If so, then you want a contact printer (basically a hinged piece of glass on a board) and some lith film and developer. Also stop and fix. You sandwich the lith film under the printer output and expose to room light. You can work under red safelight with lith film. Lith developer is two part, which you mix together just before using. You will get only black or white, nothing in between.

Using this method you probably don't even need to print onto transparency material, white paper will do as well.

Another way, can your software invert the image? This would print the traces clear in the first place.

-- Terry Carraway (TCarraway@compuserve.com), September 11, 2000.


Yes that is what I want and yes I can get either from my printer but I will get a lot of pulling from the ink if I print "negative" -as it cools it shrinks and puts a belly into the media so the less ink the better. I do want a positive black where the traces are clear every where else but I can two step this. Now for details I need a specificfor the film , then I can just order it and the necessary chemistry without having to listen to a salesman telling me that I can't do that. Thanks guys you have been lots of help Terry Lingle

-- Terry Lingle (tlingle@ mail.wellsgray.net), September 11, 2000.


I have determined that ortho film and developer will work. Now which film, what developer,where do I get It and how do I expose and process it? Ie. what type of light how powerful and for about how long for the recomended film? ditto for the chemical end. By the way I have directly contacted all of the major suppliers both by phone and Email they all want to suggest million dollar solutions also a professor of photography was unsure of what I needed. Well I have already done this 25 years ago so I know It can be done. and I know the level of equiptment needed its just that then I had a large photo finishing lab and allthe people and trimmings directly at hand so I did not have to concern myself with details. Also products dissapear ,new ones appear so I need to find the currently appropriate supplies. I need to have this up and working soon. Thanks Terry Lingle

-- Terry Lingle (tlingle@ mail.wellsgray.net), September 16, 2000.

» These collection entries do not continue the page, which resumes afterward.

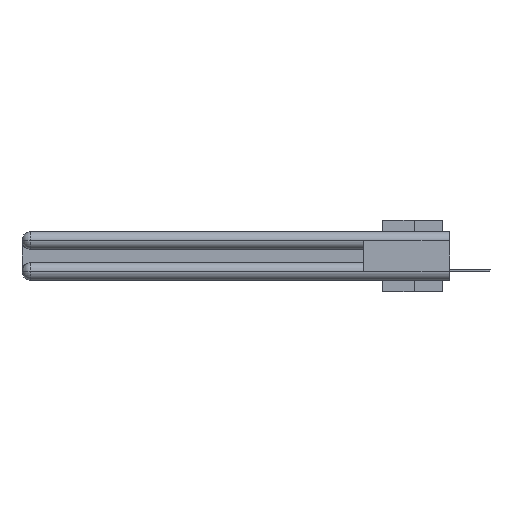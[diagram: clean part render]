
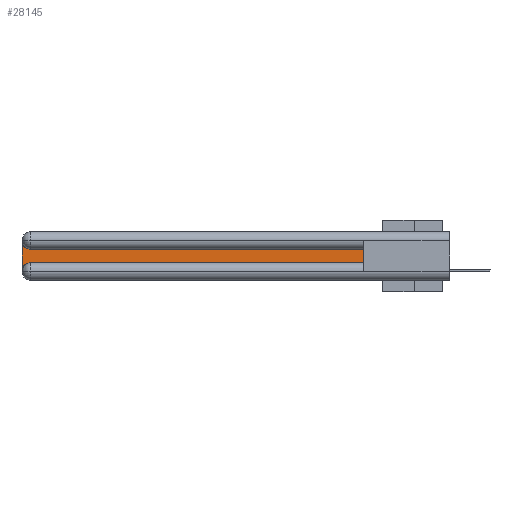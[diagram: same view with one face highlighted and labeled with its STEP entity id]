
A CAD part, left-side view. The second image highlights one B-rep face of the part: STEP entity #28145.
In plain terms, the highlighted planar face has unit normal (-1, 0, 0).
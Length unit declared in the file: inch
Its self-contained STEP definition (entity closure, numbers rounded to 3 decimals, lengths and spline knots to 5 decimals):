
#967 = VECTOR ( 'NONE', #24632, 39.37008 ) ;
#1264 = LINE ( 'NONE', #11605, #967 ) ;
#1615 = LINE ( 'NONE', #19746, #24863 ) ;
#2114 = VERTEX_POINT ( 'NONE', #22537 ) ;
#2382 = DIRECTION ( 'NONE',  ( 0., 0., -1. ) ) ;
#2543 = FACE_OUTER_BOUND ( 'NONE', #30912, .T. ) ;
#4024 = PLANE ( 'NONE',  #28713 ) ;
#4859 = EDGE_CURVE ( 'NONE', #14660, #10670, #32616, .T. ) ;
#6679 = VERTEX_POINT ( 'NONE', #11783 ) ;
#6706 = EDGE_CURVE ( 'NONE', #11053, #2114, #1615, .T. ) ;
#6945 = DIRECTION ( 'NONE',  ( 0., -1., 0. ) ) ;
#8043 = CARTESIAN_POINT ( 'NONE',  ( 0.075, 2.94, -0.1225 ) ) ;
#9062 = DIRECTION ( 'NONE',  ( 0., 0., -1. ) ) ;
#9101 = DIRECTION ( 'NONE',  ( 1., 0., 0. ) ) ;
#9634 = ORIENTED_EDGE ( 'NONE', *, *, #27495, .T. ) ;
#10614 = ORIENTED_EDGE ( 'NONE', *, *, #26622, .T. ) ;
#10670 = VERTEX_POINT ( 'NONE', #18191 ) ;
#11053 = VERTEX_POINT ( 'NONE', #32706 ) ;
#11323 = AXIS2_PLACEMENT_3D ( 'NONE', #27393, #9101, #25186 ) ;
#11394 = VECTOR ( 'NONE', #6945, 39.37008 ) ;
#11605 = CARTESIAN_POINT ( 'NONE',  ( 0.075, 3., -0.2175 ) ) ;
#11783 = CARTESIAN_POINT ( 'NONE',  ( 0.075, 2.94, -0.2175 ) ) ;
#12589 = ORIENTED_EDGE ( 'NONE', *, *, #4859, .T. ) ;
#14529 = CARTESIAN_POINT ( 'NONE',  ( 0.075, 0.6, -0.1225 ) ) ;
#14660 = VERTEX_POINT ( 'NONE', #8043 ) ;
#14670 = CARTESIAN_POINT ( 'NONE',  ( 0.075, 2.94, -0.0625 ) ) ;
#16966 = CARTESIAN_POINT ( 'NONE',  ( 0.075, 0.6, -0.2175 ) ) ;
#17078 = LINE ( 'NONE', #14529, #18765 ) ;
#17490 = ORIENTED_EDGE ( 'NONE', *, *, #6706, .T. ) ;
#17852 = CIRCLE ( 'NONE', #11323, 0.06 ) ;
#18184 = DIRECTION ( 'NONE',  ( 0., 0., 1. ) ) ;
#18191 = CARTESIAN_POINT ( 'NONE',  ( 0.075, 3., -0.0625 ) ) ;
#18765 = VECTOR ( 'NONE', #18920, 39.37008 ) ;
#18920 = DIRECTION ( 'NONE',  ( 0., 1., 0. ) ) ;
#19484 = LINE ( 'NONE', #16966, #11394 ) ;
#19746 = CARTESIAN_POINT ( 'NONE',  ( 0.075, 0.6, -0.2175 ) ) ;
#20506 = DIRECTION ( 'NONE',  ( 1., 0., 0. ) ) ;
#21840 = EDGE_CURVE ( 'NONE', #2114, #14660, #17078, .T. ) ;
#22537 = CARTESIAN_POINT ( 'NONE',  ( 0.075, 0.6, -0.1225 ) ) ;
#23493 = EDGE_CURVE ( 'NONE', #10670, #28348, #1264, .T. ) ;
#23698 = CARTESIAN_POINT ( 'NONE',  ( 0.075, 3., -0.1225 ) ) ;
#23707 = ORIENTED_EDGE ( 'NONE', *, *, #21840, .T. ) ;
#24632 = DIRECTION ( 'NONE',  ( 0., 0., -1. ) ) ;
#24863 = VECTOR ( 'NONE', #18184, 39.37008 ) ;
#25186 = DIRECTION ( 'NONE',  ( 0., 0., -1. ) ) ;
#26407 = CARTESIAN_POINT ( 'NONE',  ( 0.075, 3., -0.2775 ) ) ;
#26622 = EDGE_CURVE ( 'NONE', #28348, #6679, #17852, .T. ) ;
#26673 = AXIS2_PLACEMENT_3D ( 'NONE', #14670, #32766, #9062 ) ;
#27393 = CARTESIAN_POINT ( 'NONE',  ( 0.075, 2.94, -0.2775 ) ) ;
#27495 = EDGE_CURVE ( 'NONE', #6679, #11053, #19484, .T. ) ;
#28145 = ADVANCED_FACE ( 'NONE', ( #2543 ), #4024, .F. ) ;
#28348 = VERTEX_POINT ( 'NONE', #26407 ) ;
#28713 = AXIS2_PLACEMENT_3D ( 'NONE', #23698, #20506, #2382 ) ;
#30912 = EDGE_LOOP ( 'NONE', ( #23707, #12589, #32681, #10614, #9634, #17490 ) ) ;
#32616 = CIRCLE ( 'NONE', #26673, 0.06 ) ;
#32681 = ORIENTED_EDGE ( 'NONE', *, *, #23493, .T. ) ;
#32706 = CARTESIAN_POINT ( 'NONE',  ( 0.075, 0.6, -0.2175 ) ) ;
#32766 = DIRECTION ( 'NONE',  ( 1., 0., 0. ) ) ;

Note: Some off-topic posts have been removed from this thread.

-- Mason Resnick (bwworld@mindspring.com), September 16, 2000.

Thanks Mason.

-- Terry Carraway (TCarraway@compuserve.com), September 17, 2000.

Terry, A couple of things. Mason's post about deleting off-topic post probably have some relation to me. I received an e-mail from him stating that he considered my response to be some sort of personal attack. My response was definately on-topic, but if I offended anyone then I sincerely apologize. I do stand by my original comments! Find the nearest graphic arts supply store or supplier and talk to someone knowledgeable in the use of ortho materials. If you did this 25 years ago then you were not dealing with ink-jet transparencies, but with film positives and negatives. The exact same materials should be available now as were available then along with some new ones which (in my experience) are much better. The digital age has changed the way we do everything--I have absolutely no use for ortho-chromatic materials any more, but I still know how to use them.

Fred Imaging Services NASA Marshall Space Flight Center Huntsville, Alabama

-- fred (fdeaton@lycos.com), September 19, 2000.


Fred,

You original post was inflamatory and without use. This one is better.

What is different about an ink jet transparency and a film negative? If you are working from a pure opaque black and clear media, it is the same. Contact printing is contact printing.

There may be some new stuff out there, but like TriX and D-76, Kodalith and Kodalith developer are still around and will do the job.